EXERCISE GOAL — The data below should be transcribed in full, with no picture included.

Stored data
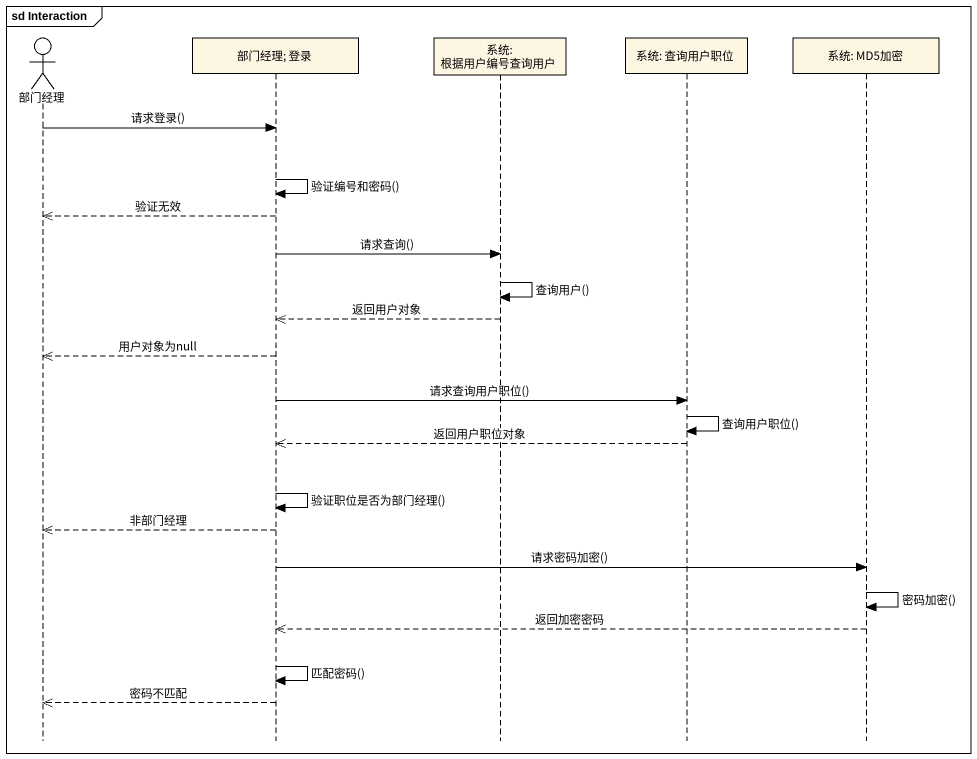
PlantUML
@startuml
mainframe sd Interaction
hide footbox
actor 部门经理
participant "部门经理; 登录" as 部门经理_登录
participant "系统: 根据用户编号查询用户" as 系统_根据用户编号查询用户
participant "系统: 查询用户职位" as 系统_查询用户职位
participant "系统: MD5加密" as 系统_MD5加密

部门经理 -> 部门经理_登录 : 请求登录()
部门经理_登录 -> 部门经理_登录 : 验证编号和密码()
部门经理_登录 -->> 部门经理 : 验证无效
部门经理_登录 -> 系统_根据用户编号查询用户 : 请求查询()
系统_根据用户编号查询用户 -> 系统_根据用户编号查询用户 : 查询用户()
系统_根据用户编号查询用户 -->> 部门经理_登录 : 返回用户对象
部门经理_登录 -->> 部门经理 : 用户对象为null
部门经理_登录 -> 系统_查询用户职位 : 请求查询用户职位()
系统_查询用户职位 -> 系统_查询用户职位 : 查询用户职位()
系统_查询用户职位 -->> 部门经理_登录 : 返回用户职位对象
部门经理_登录 -> 部门经理_登录 : 验证职位是否为部门经理()
部门经理_登录 -->> 部门经理 : 非部门经理
部门经理_登录 -> 系统_MD5加密 : 请求密码加密()
系统_MD5加密 -> 系统_MD5加密 : 密码加密()
系统_MD5加密 -->> 部门经理_登录 : 返回加密密码
部门经理_登录 -> 部门经理_登录 : 匹配密码()
部门经理_登录 -->> 部门经理 : 密码不匹配
@enduml
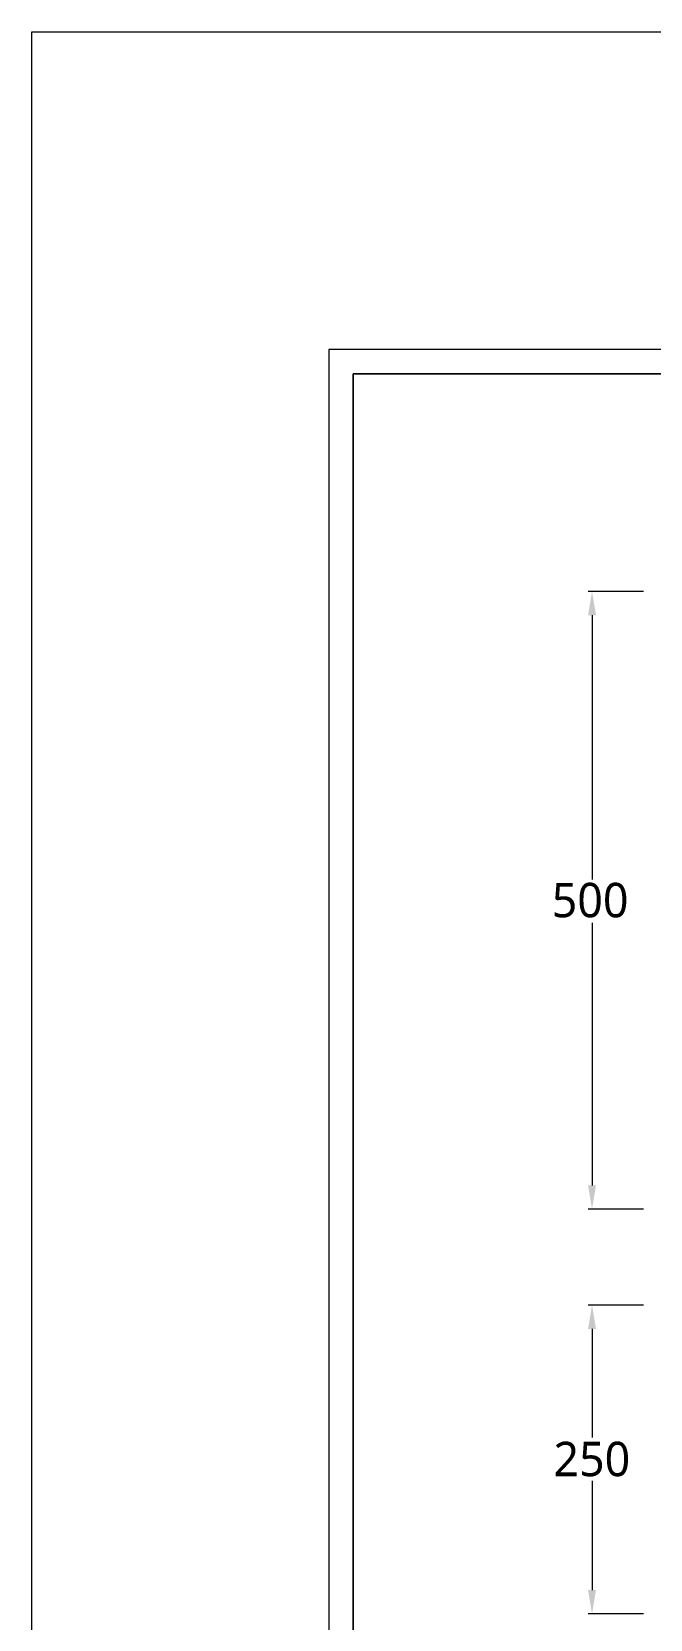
# Model space of a CAD drawing. Header units: millimetres. Extents: x 6388 to 10588, y 8 to 2978.
# Drawn here: x 6388 to 6748, y 2055 to 2978 of the extents above; entities that cross this region are included whole.
import ezdxf

# ---------------------------------------------------------------- set-up
doc = ezdxf.new("R2010")
doc.units = ezdxf.units.MM
doc.styles.add('微軟正黑體-20', font='Microsoft JhengHei.ttf', dxfattribs={"height": 20})

msp = doc.modelspace()

# ---------------------------------------------------------------- linework, layer by layer
at = {"lineweight": 5}
for p, q in [((6388.15, 2977.92, 163.19), (10588.15, 2977.92, 163.19)), ((6388.15, 7.92, 163.19), (6388.15, 2977.92, 163.19)), ((6575.18, 2779.1, 163.19), (10401.11, 2779.1, 163.19)), ((6575.18, 399.91, 163.19), (6575.18, 2779.1, 163.19)), ((6575.18, 2779.1, 326.37), (10401.11, 2779.1, 326.37)), ((6575.18, 399.91, 326.37), (6575.18, 2779.1, 326.37)), ((10401.11, 2779.1, 326.37), (6575.18, 2779.1, 326.37)), ((6575.18, 2779.1, 326.37), (6575.18, 207.65, 326.37)), ((6744.02, 2652.58), (6711.86, 2652.58)), ((6714.16, 2638.78), (6714.16, 2485.23)), ((6714.16, 2460.13), (6714.16, 2307.45)), ((6744.02, 2293.66), (6711.86, 2293.66)), ((6744.02, 2237.89), (6711.86, 2237.89)), ((6714.16, 2224.09), (6714.16, 2160.88)), ((6714.16, 2135.79), (6714.16, 2072.22)), ((6744.02, 2058.43), (6711.86, 2058.43))]:
    msp.add_line(p, q, dxfattribs=at)
at = {"color": 4, "lineweight": 5}
for p, q in [((10415.32, 2793.31, 326.37), (6560.97, 2793.31, 326.37)), ((6560.97, 2793.31, 326.37), (6560.97, 193.44, 326.37))]:
    msp.add_line(p, q, dxfattribs=at)
at = {"lineweight": 5}
for points in [[(6716.46, 2638.78), (6711.86, 2638.78), (6714.16, 2652.58)], [(6716.46, 2307.45), (6711.86, 2307.45), (6714.16, 2293.66)], [(6716.46, 2224.09), (6711.86, 2224.09), (6714.16, 2237.89)], [(6716.46, 2072.22), (6711.86, 2072.22), (6714.16, 2058.43)]]:
    msp.add_solid(points, dxfattribs=at)

# ---------------------------------------------------------------- texts
at = {"lineweight": 5, "style": '微軟正黑體-20'}
for s, p in [('500', (6690.7, 2463.28)), ('250', (6691.7, 2138.45))]:
    msp.add_text(s, height=20, dxfattribs=at).set_placement(p)

doc.saveas('drawing.dxf')

SOLUTION TO THE EXERCISE —
PlantUML
@startuml
mainframe sd Interaction
hide footbox
actor 部门经理
participant "部门经理; 登录" as 部门经理_登录
participant "系统: 根据用户编号查询用户" as 系统_根据用户编号查询用户
participant "系统: 查询用户职位" as 系统_查询用户职位
participant "系统: MD5加密" as 系统_MD5加密

部门经理 -> 部门经理_登录 : 请求登录()
部门经理_登录 -> 部门经理_登录 : 验证编号和密码()
部门经理_登录 -->> 部门经理 : 验证无效
部门经理_登录 -> 系统_根据用户编号查询用户 : 请求查询()
系统_根据用户编号查询用户 -> 系统_根据用户编号查询用户 : 查询用户()
系统_根据用户编号查询用户 -->> 部门经理_登录 : 返回用户对象
部门经理_登录 -->> 部门经理 : 用户对象为null
部门经理_登录 -> 系统_查询用户职位 : 请求查询用户职位()
系统_查询用户职位 -> 系统_查询用户职位 : 查询用户职位()
系统_查询用户职位 -->> 部门经理_登录 : 返回用户职位对象
部门经理_登录 -> 部门经理_登录 : 验证职位是否为部门经理()
部门经理_登录 -->> 部门经理 : 非部门经理
部门经理_登录 -> 系统_MD5加密 : 请求密码加密()
系统_MD5加密 -> 系统_MD5加密 : 密码加密()
系统_MD5加密 -->> 部门经理_登录 : 返回加密密码
部门经理_登录 -> 部门经理_登录 : 匹配密码()
部门经理_登录 -->> 部门经理 : 密码不匹配
@enduml
# Model space of a CAD drawing. Header units: millimetres. Extents: x 6388 to 10588, y 8 to 2978.
# Drawn here: x 6388 to 6748, y 2055 to 2978 of the extents above; entities that cross this region are included whole.
import ezdxf

# ---------------------------------------------------------------- set-up
doc = ezdxf.new("R2010")
doc.units = ezdxf.units.MM
doc.styles.add('微軟正黑體-20', font='Microsoft JhengHei.ttf', dxfattribs={"height": 20})

msp = doc.modelspace()

# ---------------------------------------------------------------- linework, layer by layer
at = {"lineweight": 5}
for p, q in [((6388.15, 2977.92, 163.19), (10588.15, 2977.92, 163.19)), ((6388.15, 7.92, 163.19), (6388.15, 2977.92, 163.19)), ((6575.18, 2779.1, 163.19), (10401.11, 2779.1, 163.19)), ((6575.18, 399.91, 163.19), (6575.18, 2779.1, 163.19)), ((6575.18, 2779.1, 326.37), (10401.11, 2779.1, 326.37)), ((6575.18, 399.91, 326.37), (6575.18, 2779.1, 326.37)), ((10401.11, 2779.1, 326.37), (6575.18, 2779.1, 326.37)), ((6575.18, 2779.1, 326.37), (6575.18, 207.65, 326.37)), ((6744.02, 2652.58), (6711.86, 2652.58)), ((6714.16, 2638.78), (6714.16, 2485.23)), ((6714.16, 2460.13), (6714.16, 2307.45)), ((6744.02, 2293.66), (6711.86, 2293.66)), ((6744.02, 2237.89), (6711.86, 2237.89)), ((6714.16, 2224.09), (6714.16, 2160.88)), ((6714.16, 2135.79), (6714.16, 2072.22)), ((6744.02, 2058.43), (6711.86, 2058.43))]:
    msp.add_line(p, q, dxfattribs=at)
at = {"color": 4, "lineweight": 5}
for p, q in [((10415.32, 2793.31, 326.37), (6560.97, 2793.31, 326.37)), ((6560.97, 2793.31, 326.37), (6560.97, 193.44, 326.37))]:
    msp.add_line(p, q, dxfattribs=at)
at = {"lineweight": 5}
for points in [[(6716.46, 2638.78), (6711.86, 2638.78), (6714.16, 2652.58)], [(6716.46, 2307.45), (6711.86, 2307.45), (6714.16, 2293.66)], [(6716.46, 2224.09), (6711.86, 2224.09), (6714.16, 2237.89)], [(6716.46, 2072.22), (6711.86, 2072.22), (6714.16, 2058.43)]]:
    msp.add_solid(points, dxfattribs=at)

# ---------------------------------------------------------------- texts
at = {"lineweight": 5, "style": '微軟正黑體-20'}
for s, p in [('500', (6690.7, 2463.28)), ('250', (6691.7, 2138.45))]:
    msp.add_text(s, height=20, dxfattribs=at).set_placement(p)

doc.saveas('drawing.dxf')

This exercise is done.